Sebagian mereka bahkan adalah kepala rumah tangga, yang memiliki otoritas penuh dalam pengambilan keputusan. Ini tentu merupakan temuan menarik yang perlu ditelaah lebih dalam oleh mereka yang tertarik dengan isu-isu pemberdayaan perempuan, khususnya di sektor pertanian.
Petani perempuan paling banyak bergumul di subsektor tanaman pangan atau padi dan palawija, jumlahnya mencapai 4,3 juta petani. Meski dibutuhkan sebuah penelaahan lebih lanjut untuk memastikan seberapa besar kontribusi para petani perempuan terhadap produksi komoditas pertanian, fakta ini menunjukkan bahwa mereka memiliki peran yang sangat penting dalam produksi pangan di negeri ini.
Kontribusi perempuan di sektor pertanian sebetulnya lebih besar lagi ketika peran mereka sebagai pekerja keluarga tidak dibayar atau buruh tani ikut diperhitungkan. Faktanya, nyaris semua kegiatan usaha pertanian, khususnya budidaya tanaman pangan, yang dijalankan oleh petani laki-laki tak lepas dari peran serta kaum perempuan. Ini dengan mudah bisa kita jumpai di desa-desa.
Repsentasi kemiskinan
Dewasa ini, isu pemberdayaan gender masih menjadi fokus perhatian pemerintah. Secara faktual, ada gap yang cukup lebar dalam hal kualitas pembangunan manusia antara kaum laki-laki dan perempuan.
Hal ini tercermin dari rendahnya skor indeks pembangunan manusia (IPM) kaum perempuan bila dibandingkan dengan kaum laki-laki. Itu artinya, tingkat kapabilitas (pendidikan, kesehatan, dan kesejahteraan) kaum perempuan jauh tertinggal bila dibandingkan dengan kaum laki-laki.
Hal yang sama nampaknya juga terjadi di sektor pertanian. Mudah diduga, tingkat kapabilitas petani perempuan jauh lebih rendah bila dibandingkan dengan petani laki-laki. Bahkan, boleh dibilang, sebagian besar petani perempuan adalah petani miskin.
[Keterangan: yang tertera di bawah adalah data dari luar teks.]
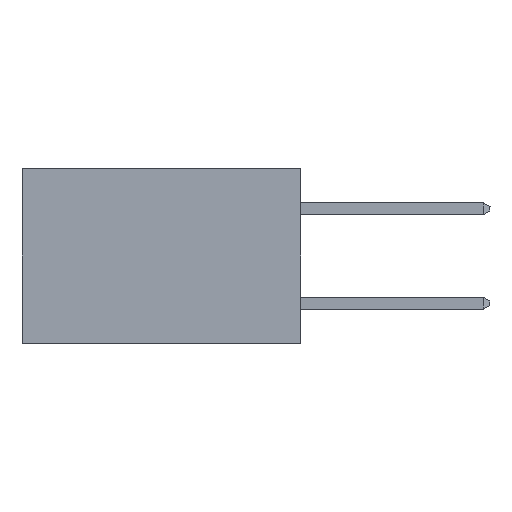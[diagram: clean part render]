
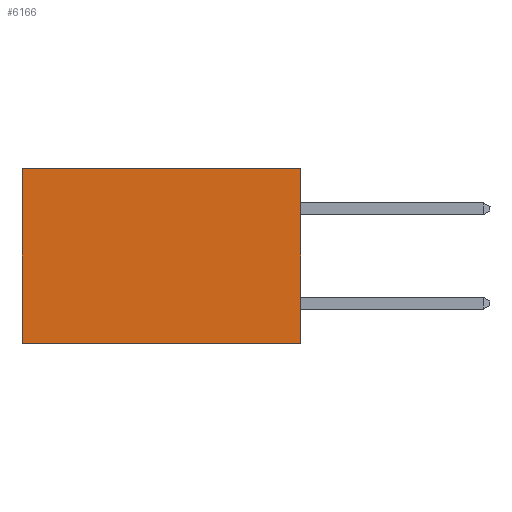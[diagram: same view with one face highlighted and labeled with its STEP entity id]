
A CAD part, left-side view. The second image highlights one B-rep face of the part: STEP entity #6166.
In plain terms, the highlighted planar face has unit normal (-1, 0, 0).
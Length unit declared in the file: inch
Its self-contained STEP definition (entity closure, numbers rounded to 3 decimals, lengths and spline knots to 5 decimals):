
#742 = DIRECTION ( 'NONE',  ( 0., 0., -1. ) ) ;
#887 = ORIENTED_EDGE ( 'NONE', *, *, #8309, .T. ) ;
#1164 = VERTEX_POINT ( 'NONE', #6617 ) ;
#1736 = CARTESIAN_POINT ( 'NONE',  ( 0.277, 0.59, -0.37 ) ) ;
#2013 = ORIENTED_EDGE ( 'NONE', *, *, #9353, .F. ) ;
#2156 = LINE ( 'NONE', #8067, #5120 ) ;
#2270 = VERTEX_POINT ( 'NONE', #4853 ) ;
#2549 = CARTESIAN_POINT ( 'NONE',  ( 0.277, 0., -0.37 ) ) ;
#3332 = CARTESIAN_POINT ( 'NONE',  ( 0.277, 0.59, 0. ) ) ;
#3345 = AXIS2_PLACEMENT_3D ( 'NONE', #6887, #6872, #6838 ) ;
#3947 = CARTESIAN_POINT ( 'NONE',  ( 0.277, 0., 0. ) ) ;
#4431 = FACE_OUTER_BOUND ( 'NONE', #6868, .T. ) ;
#4853 = CARTESIAN_POINT ( 'NONE',  ( 0.277, 0., 0. ) ) ;
#5120 = VECTOR ( 'NONE', #10701, 39.37008 ) ;
#5272 = LINE ( 'NONE', #3947, #7717 ) ;
#5726 = EDGE_CURVE ( 'NONE', #10298, #1164, #11701, .T. ) ;
#6166 = ADVANCED_FACE ( 'NONE', ( #4431 ), #6905, .F. ) ;
#6617 = CARTESIAN_POINT ( 'NONE',  ( 0.277, 0.59, -0.37 ) ) ;
#6838 = DIRECTION ( 'NONE',  ( 0., 0., -1. ) ) ;
#6868 = EDGE_LOOP ( 'NONE', ( #8255, #2013, #9398, #887 ) ) ;
#6872 = DIRECTION ( 'NONE',  ( 1., 0., 0. ) ) ;
#6887 = CARTESIAN_POINT ( 'NONE',  ( 0.277, 0., -0.37 ) ) ;
#6905 = PLANE ( 'NONE',  #3345 ) ;
#7519 = VERTEX_POINT ( 'NONE', #2549 ) ;
#7717 = VECTOR ( 'NONE', #11209, 39.37008 ) ;
#8067 = CARTESIAN_POINT ( 'NONE',  ( 0.277, 0., -0.37 ) ) ;
#8255 = ORIENTED_EDGE ( 'NONE', *, *, #5726, .T. ) ;
#8309 = EDGE_CURVE ( 'NONE', #2270, #10298, #5272, .T. ) ;
#8314 = CARTESIAN_POINT ( 'NONE',  ( 0.277, 0., -0.37 ) ) ;
#8385 = VECTOR ( 'NONE', #10112, 39.37008 ) ;
#8631 = EDGE_CURVE ( 'NONE', #2270, #7519, #2156, .T. ) ;
#9022 = VECTOR ( 'NONE', #742, 39.37008 ) ;
#9353 = EDGE_CURVE ( 'NONE', #7519, #1164, #10751, .T. ) ;
#9398 = ORIENTED_EDGE ( 'NONE', *, *, #8631, .F. ) ;
#10112 = DIRECTION ( 'NONE',  ( 0., 1., 0. ) ) ;
#10298 = VERTEX_POINT ( 'NONE', #3332 ) ;
#10701 = DIRECTION ( 'NONE',  ( 0., 0., -1. ) ) ;
#10751 = LINE ( 'NONE', #8314, #8385 ) ;
#11209 = DIRECTION ( 'NONE',  ( 0., 1., 0. ) ) ;
#11701 = LINE ( 'NONE', #1736, #9022 ) ;

Lazimnya, keberadaan seorang petani perempuan dalam suatu rumah tangga adalah wujud “keterpaksaan” karena kaum laki-laki yang semula menjadi tulangpunggung keluarga telah meninggal dunia atau merantau ke kota. Selain menjadi petani, petani perempuan juga terpaksa menjadi kepala keluarga.
Dalam menyikapi hal ini, pemerintah perlu mengupayakan adanya diversifikasi kegiatan ekonomi bagi kaum perempuan di pedesaan. Dengan demikian, mereka tidak hanya bergantung pada usaha tani. (*)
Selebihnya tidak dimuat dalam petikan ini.